> Dataset extract

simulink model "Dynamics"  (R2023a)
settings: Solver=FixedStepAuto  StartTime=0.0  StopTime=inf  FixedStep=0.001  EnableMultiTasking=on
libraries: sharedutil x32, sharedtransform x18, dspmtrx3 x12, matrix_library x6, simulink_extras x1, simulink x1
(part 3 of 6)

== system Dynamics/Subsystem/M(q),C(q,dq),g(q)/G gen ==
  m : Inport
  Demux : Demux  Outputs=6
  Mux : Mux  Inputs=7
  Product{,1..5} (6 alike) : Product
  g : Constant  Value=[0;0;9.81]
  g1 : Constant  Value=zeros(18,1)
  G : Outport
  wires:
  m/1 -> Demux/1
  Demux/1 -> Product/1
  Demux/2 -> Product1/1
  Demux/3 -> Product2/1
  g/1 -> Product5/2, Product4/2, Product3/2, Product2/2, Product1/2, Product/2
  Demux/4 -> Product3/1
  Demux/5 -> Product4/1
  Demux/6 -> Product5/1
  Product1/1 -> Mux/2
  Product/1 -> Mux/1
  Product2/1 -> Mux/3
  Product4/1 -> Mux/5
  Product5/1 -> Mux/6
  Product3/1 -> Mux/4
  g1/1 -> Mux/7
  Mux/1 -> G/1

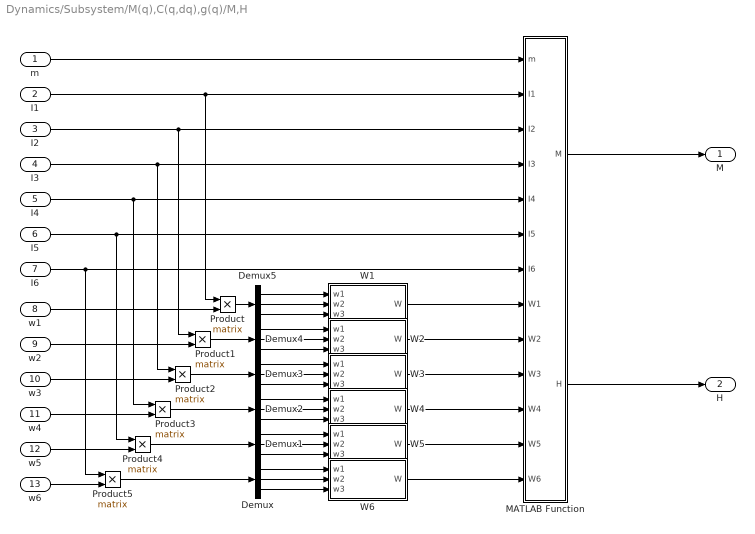
== system Dynamics/Subsystem/M(q),C(q,dq),g(q)/M,H ==
  m : Inport
  I1 : Inport  Port=2
  I2 : Inport  Port=3
  I3 : Inport  Port=4
  I4 : Inport  Port=5
  I5 : Inport  Port=6
  I6 : Inport  Port=7
  w1 : Inport  Port=8
  w2 : Inport  Port=9
  w3 : Inport  Port=10
  w4 : Inport  Port=11
  w5 : Inport  Port=12
  w6 : Inport  Port=13
  Demux{,1..5} (6 alike) : Demux  Outputs=3
  MATLAB Function : MATLAB Function  TreatAsAtomicUnit=on
  Product{,1..5} (6 alike) : Product  Multiplication=Matrix(*)
  W1 : MATLAB Function  TreatAsAtomicUnit=on
  W2 : MATLAB Function  TreatAsAtomicUnit=on
  W3 : MATLAB Function  TreatAsAtomicUnit=on
  W4 : MATLAB Function  TreatAsAtomicUnit=on
  W5 : MATLAB Function  TreatAsAtomicUnit=on
  W6 : MATLAB Function  TreatAsAtomicUnit=on
  M : Outport
  H : Outport  Port=2
  wires:
  m/1 -> MATLAB Function/1(m)
  I1/1 -> Product/1, MATLAB Function/2(I1)
  I2/1 -> Product1/1, MATLAB Function/3(I2)
  I3/1 -> Product2/1, MATLAB Function/4(I3)
  I4/1 -> Product3/1, MATLAB Function/5(I4)
  I5/1 -> Product4/1, MATLAB Function/6(I5)
  I6/1 -> Product5/1, MATLAB Function/7(I6)
  MATLAB Function/1(M) -> M/1
  MATLAB Function/2(H) -> H/1
  W1/1(W) -> MATLAB Function/8(W1)
  W2/1(W) -> MATLAB Function/9(W2)
  W3/1(W) -> MATLAB Function/10(W3)
  W4/1(W) -> MATLAB Function/11(W4)
  W5/1(W) -> MATLAB Function/12(W5)
  W6/1(W) -> MATLAB Function/13(W6)
  w6/1 -> Product5/2
  Demux/3 -> W6/3(w3)
  Demux/2 -> W6/2(w2)
  Demux/1 -> W6/1(w1)
  w5/1 -> Product4/2
  Demux1/3 -> W5/3(w3)
  Demux1/2 -> W5/2(w2)
  Demux1/1 -> W5/1(w1)
  w4/1 -> Product3/2
  Demux2/3 -> W4/3(w3)
  Demux2/2 -> W4/2(w2)
  Demux2/1 -> W4/1(w1)
  w3/1 -> Product2/2
  Demux3/3 -> W3/3(w3)
  Demux3/2 -> W3/2(w2)
  Demux3/1 -> W3/1(w1)
  w2/1 -> Product1/2
  Demux4/3 -> W2/3(w3)
  Demux4/2 -> W2/2(w2)
  Demux4/1 -> W2/1(w1)
  w1/1 -> Product/2
  Demux5/3 -> W1/3(w3)
  Demux5/2 -> W1/2(w2)
  Demux5/1 -> W1/1(w1)
  Product/1 -> Demux5/1
  Product1/1 -> Demux4/1
  Product2/1 -> Demux3/1
  Product3/1 -> Demux2/1
  Product4/1 -> Demux1/1
  Product5/1 -> Demux/1

== system Dynamics/Subsystem/Moments of inertia/Ix, Iy ==
  r : Inport
  m : Inport  Port=2
  h : Inport  Port=3
  Add : Sum
  Gain : Gain  Gain=3
  Gain1 : Gain  Gain=1/12
  Product : Product
  Product1 : Product
  Product2 : Product
  Iz : Outport
  wires:
  r/1 -> Product/1, Product/2
  h/1 -> Product1/1, Product1/2
  Product/1 -> Gain/1
  Product1/1 -> Add/2
  Add/1 -> Product2/1
  m/1 -> Product2/2
  Gain/1 -> Add/1
  Product2/1 -> Gain1/1
  Gain1/1 -> Iz/1

== system Dynamics/Subsystem/Moments of inertia/Ix, Iy1 ==
  r : Inport
  m : Inport  Port=2
  h : Inport  Port=3
  Add : Sum
  Gain : Gain  Gain=3
  Gain1 : Gain  Gain=1/12
  Product : Product
  Product1 : Product
  Product2 : Product
  Iz : Outport
  wires:
  r/1 -> Product/1, Product/2
  h/1 -> Product1/1, Product1/2
  Product/1 -> Gain/1
  Product1/1 -> Add/2
  Add/1 -> Product2/1
  m/1 -> Product2/2
  Gain/1 -> Add/1
  Product2/1 -> Gain1/1
  Gain1/1 -> Iz/1

== system Dynamics/Subsystem/Moments of inertia/Ix, Iy2 ==
  r : Inport
  m : Inport  Port=2
  h : Inport  Port=3
  Add : Sum
  Gain : Gain  Gain=3
  Gain1 : Gain  Gain=1/12
  Product : Product
  Product1 : Product
  Product2 : Product
  Iz : Outport
  wires:
  r/1 -> Product/1, Product/2
  h/1 -> Product1/1, Product1/2
  Product/1 -> Gain/1
  Product1/1 -> Add/2
  Add/1 -> Product2/1
  m/1 -> Product2/2
  Gain/1 -> Add/1
  Product2/1 -> Gain1/1
  Gain1/1 -> Iz/1

== system Dynamics/Subsystem/Moments of inertia/Ix, Iy3 ==
  r : Inport
  m : Inport  Port=2
  h : Inport  Port=3
  Add : Sum
  Gain : Gain  Gain=3
  Gain1 : Gain  Gain=1/12
  Product : Product
  Product1 : Product
  Product2 : Product
  Iz : Outport
  wires:
  r/1 -> Product/1, Product/2
  h/1 -> Product1/1, Product1/2
  Product/1 -> Gain/1
  Product1/1 -> Add/2
  Add/1 -> Product2/1
  m/1 -> Product2/2
  Gain/1 -> Add/1
  Product2/1 -> Gain1/1
  Gain1/1 -> Iz/1

== system Dynamics/Subsystem/Moments of inertia/Ix, Iy4 ==
  r : Inport
  m : Inport  Port=2
  h : Inport  Port=3
  Add : Sum
  Gain : Gain  Gain=3
  Gain1 : Gain  Gain=1/12
  Product : Product
  Product1 : Product
  Product2 : Product
  Iz : Outport
  wires:
  r/1 -> Product/1, Product/2
  h/1 -> Product1/1, Product1/2
  Product/1 -> Gain/1
  Product1/1 -> Add/2
  Add/1 -> Product2/1
  m/1 -> Product2/2
  Gain/1 -> Add/1
  Product2/1 -> Gain1/1
  Gain1/1 -> Iz/1

== system Dynamics/Subsystem/Moments of inertia/Ix, Iy5 ==
  r : Inport
  m : Inport  Port=2
  h : Inport  Port=3
  Add : Sum
  Gain : Gain  Gain=3
  Gain1 : Gain  Gain=1/12
  Product : Product
  Product1 : Product
  Product2 : Product
  Iz : Outport
  wires:
  r/1 -> Product/1, Product/2
  h/1 -> Product1/1, Product1/2
  Product/1 -> Gain/1
  Product1/1 -> Add/2
  Add/1 -> Product2/1
  m/1 -> Product2/2
  Gain/1 -> Add/1
  Product2/1 -> Gain1/1
  Gain1/1 -> Iz/1

== system Dynamics/Subsystem/Moments of inertia/Iz ==
  r : Inport
  m : Inport  Port=2
  Constant : Constant  Value=0.5
  Product : Product  Inputs=4
  Iz : Outport
  wires:
  m/1 -> Product/3
  Constant/1 -> Product/4
  r/1 -> Product/2, Product/1
  Product/1 -> Iz/1

== system Dynamics/Subsystem/Moments of inertia/Iz1 ==
  r : Inport
  m : Inport  Port=2
  Constant : Constant  Value=0.5
  Product : Product  Inputs=4
  Iz : Outport
  wires:
  m/1 -> Product/3
  Constant/1 -> Product/4
  r/1 -> Product/2, Product/1
  Product/1 -> Iz/1

== system Dynamics/Subsystem/Moments of inertia/Iz2 ==
  r : Inport
  m : Inport  Port=2
  Constant : Constant  Value=0.5
  Product : Product  Inputs=4
  Iz : Outport
  wires:
  m/1 -> Product/3
  Constant/1 -> Product/4
  r/1 -> Product/2, Product/1
  Product/1 -> Iz/1

== system Dynamics/Subsystem/Moments of inertia/Iz3 ==
  r : Inport
  m : Inport  Port=2
  Constant : Constant  Value=0.5
  Product : Product  Inputs=4
  Iz : Outport
  wires:
  m/1 -> Product/3
  Constant/1 -> Product/4
  r/1 -> Product/2, Product/1
  Product/1 -> Iz/1

== system Dynamics/Subsystem/Moments of inertia/Iz4 ==
  r : Inport
  m : Inport  Port=2
  Constant : Constant  Value=0.5
  Product : Product  Inputs=4
  Iz : Outport
  wires:
  m/1 -> Product/3
  Constant/1 -> Product/4
  r/1 -> Product/2, Product/1
  Product/1 -> Iz/1

== system Dynamics/Subsystem/Moments of inertia/Iz5 ==
  r : Inport
  m : Inport  Port=2
  Constant : Constant  Value=0.5
  Product : Product  Inputs=4
  Iz : Outport
  wires:
  m/1 -> Product/3
  Constant/1 -> Product/4
  r/1 -> Product/2, Product/1
  Product/1 -> Iz/1

== system Dynamics/Subsystem/Slotine/S-gen ==
  dq : Inport
  V : Inport  Port=2
  Gain : Gain  Gain=-1
  Sum : Sum  Inputs=|++
  S : Outport
  wires:
  dq/1 -> Sum/1
  Sum/1 -> S/1
  V/1 -> Gain/1
  Gain/1 -> Sum/2

== system Dynamics/Subsystem/Slotine/V-gen ==
  q_tilde : Inport
  dq_d : Inport  Port=2
  Gamma : Inport  Port=3
  Gain : Gain  Gain=-1
  Product : Product  Multiplication=Matrix(*)
  Sum : Sum  Inputs=|++
  V : Outport
  wires:
  Gamma/1 -> Product/1
  q_tilde/1 -> Product/2
  Product/1 -> Gain/1
  Sum/1 -> V/1
  dq_d/1 -> Sum/1
  Gain/1 -> Sum/2

== system Dynamics/Subsystem/Slotine/dV-gen ==
  dq_tilde : Inport
  ddq_d : Inport  Port=2
  Gamma : Inport  Port=3
  Gain : Gain  Gain=-1
  Product : Product  Multiplication=Matrix(*)
  Sum : Sum  Inputs=|++
  dV : Outport
  wires:
  Gamma/1 -> Product/1
  dq_tilde/1 -> Product/2
  Product/1 -> Gain/1
  Sum/1 -> dV/1
  ddq_d/1 -> Sum/1
  Gain/1 -> Sum/2

== system Dynamics/Subsystem/Slotine/tau-gen ==
  M : Inport
  C : Inport  Port=2
  g : Inport  Port=3
  V : Inport  Port=4
  dV : Inport  Port=5
  S : Inport  Port=6
  K : Inport  Port=7
  u0 : Inport  Port=8
  Product : Product  Multiplication=Matrix(*)
  Product1 : Product  Multiplication=Matrix(*)
  Product2 : Product  Multiplication=Matrix(*)
  Sum : Sum  Inputs=|++
  Sum1 : Sum  Inputs=|++
  Sum2 : Sum  Inputs=|+-
  Sum3 : Sum  Inputs=|++
  tau : Outport
  wires:
  M/1 -> Product/1
  dV/1 -> Product/2
  C/1 -> Product1/1
  V/1 -> Product1/2
  S/1 -> Product2/2
  K/1 -> Product2/1
  Product/1 -> Sum/1
  Product1/1 -> Sum/2
  Sum/1 -> Sum1/1
  g/1 -> Sum1/2
  Product2/1 -> Sum2/2
  Sum1/1 -> Sum2/1
  Sum2/1 -> Sum3/1
  Sum3/1 -> tau/1
  u0/1 -> Sum3/2

== system Dynamics/Subsystem/Slotine/u0-gen ==
  S : Inport
  sigma(t) : Inport  Port=2
  Divide : Product  Inputs=*/
  Dot Product : DotProduct  OutDataTypeStr=Inherit: Inherit via internal rule
  Gain : Gain  Gain=-1
  Product : Product
  Product1 : Product
  Product2 : Product
  Sqrt : Sqrt
  Sum : Sum  Inputs=|++
  gamma_hat : Integrator  InitialCondition=1
  u0 : Outport
  wires:
  gamma_hat/1 -> Product2/1, Product/2, Product/1
  Dot Product/1 -> Sqrt/1
  S/1 -> Product1/2, Dot Product/2, Dot Product/1
  Sqrt/1 -> Product2/2, gamma_hat/1
  Product/1 -> Product1/1
  Product1/1 -> Divide/1
  Product2/1 -> Sum/1
  Sum/1 -> Divide/2
  sigma(t)/1 -> Sum/2
  Divide/1 -> Gain/1
  Gain/1 -> u0/1

== system Dynamics/Subsystem2/H_6^0/H_1^0 ==
  a : Inport
  alpha : Inport  Port=2
  theta : Inport  Port=3
  d : Inport  Port=4
  Gain1 : Gain  Gain=-1
  Gain2 : Gain  Gain=-1
  MATLAB Function : MATLAB Function  TreatAsAtomicUnit=on
  Mux : Mux  Inputs=3
  Mux1 : Mux  Inputs=3
  Product : Product
  Product1 : Product
  Rotation Angles to Direction Cosine Matrix : sharedtransform/Rotation Angles to Direction Cosine Matrix  rotationOrder=ZXY  aMode=aMode
  Trigonometric Function : Trigonometry  Operator=cos
  Trigonometric Function1 : Trigonometry
  Zero : Constant  Value=0
  H : Outport
  R : Outport  Port=2
  p : Outport  Port=3
  wires:
  Mux/1 -> Rotation Angles to Direction Cosine Matrix/1
  alpha/1 -> Gain1/1
  Zero/1 -> Mux/3
  Rotation Angles to Direction Cosine Matrix/1 -> MATLAB Function/1(R), R/1
  Mux1/1 -> MATLAB Function/2(p), p/1
  Trigonometric Function/1 -> Product/1
  Trigonometric Function1/1 -> Product1/1
  Product/1 -> Mux1/1
  Product1/1 -> Mux1/2
  a/1 -> Product/2, Product1/2
  MATLAB Function/1(H) -> H/1
  Gain1/1 -> Mux/1
  Gain2/1 -> Mux/2
  theta/1 -> Trigonometric Function1/1, Trigonometric Function/1, Gain2/1
  d/1 -> Mux1/3

== system Dynamics/Subsystem2/H_6^0/H_2^1 ==
  a : Inport
  alpha : Inport  Port=2
  theta : Inport  Port=3
  d : Inport  Port=4
  Gain1 : Gain  Gain=-1
  Gain2 : Gain  Gain=-1
  MATLAB Function : MATLAB Function  TreatAsAtomicUnit=on
  Mux : Mux  Inputs=3
  Mux1 : Mux  Inputs=3
  Product : Product
  Product1 : Product
  Rotation Angles to Direction Cosine Matrix : sharedtransform/Rotation Angles to Direction Cosine Matrix  rotationOrder=ZXY  aMode=aMode
  Trigonometric Function : Trigonometry  Operator=cos
  Trigonometric Function1 : Trigonometry
  Zero : Constant  Value=0
  H : Outport
  R : Outport  Port=2
  p : Outport  Port=3
  wires:
  Mux/1 -> Rotation Angles to Direction Cosine Matrix/1
  alpha/1 -> Gain1/1
  Zero/1 -> Mux/3
  Rotation Angles to Direction Cosine Matrix/1 -> MATLAB Function/1(R), R/1
  Mux1/1 -> MATLAB Function/2(p), p/1
  Trigonometric Function/1 -> Product/1
  Trigonometric Function1/1 -> Product1/1
  Product/1 -> Mux1/1
  Product1/1 -> Mux1/2
  a/1 -> Product/2, Product1/2
  MATLAB Function/1(H) -> H/1
  Gain1/1 -> Mux/1
  Gain2/1 -> Mux/2
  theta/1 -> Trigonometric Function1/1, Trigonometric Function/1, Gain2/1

> Requirement
From the entries, report each line that includes the word "Slotine".

> Expected output
== system Dynamics/Subsystem/Slotine/S-gen ==
== system Dynamics/Subsystem/Slotine/V-gen ==
== system Dynamics/Subsystem/Slotine/dV-gen ==
== system Dynamics/Subsystem/Slotine/tau-gen ==
== system Dynamics/Subsystem/Slotine/u0-gen ==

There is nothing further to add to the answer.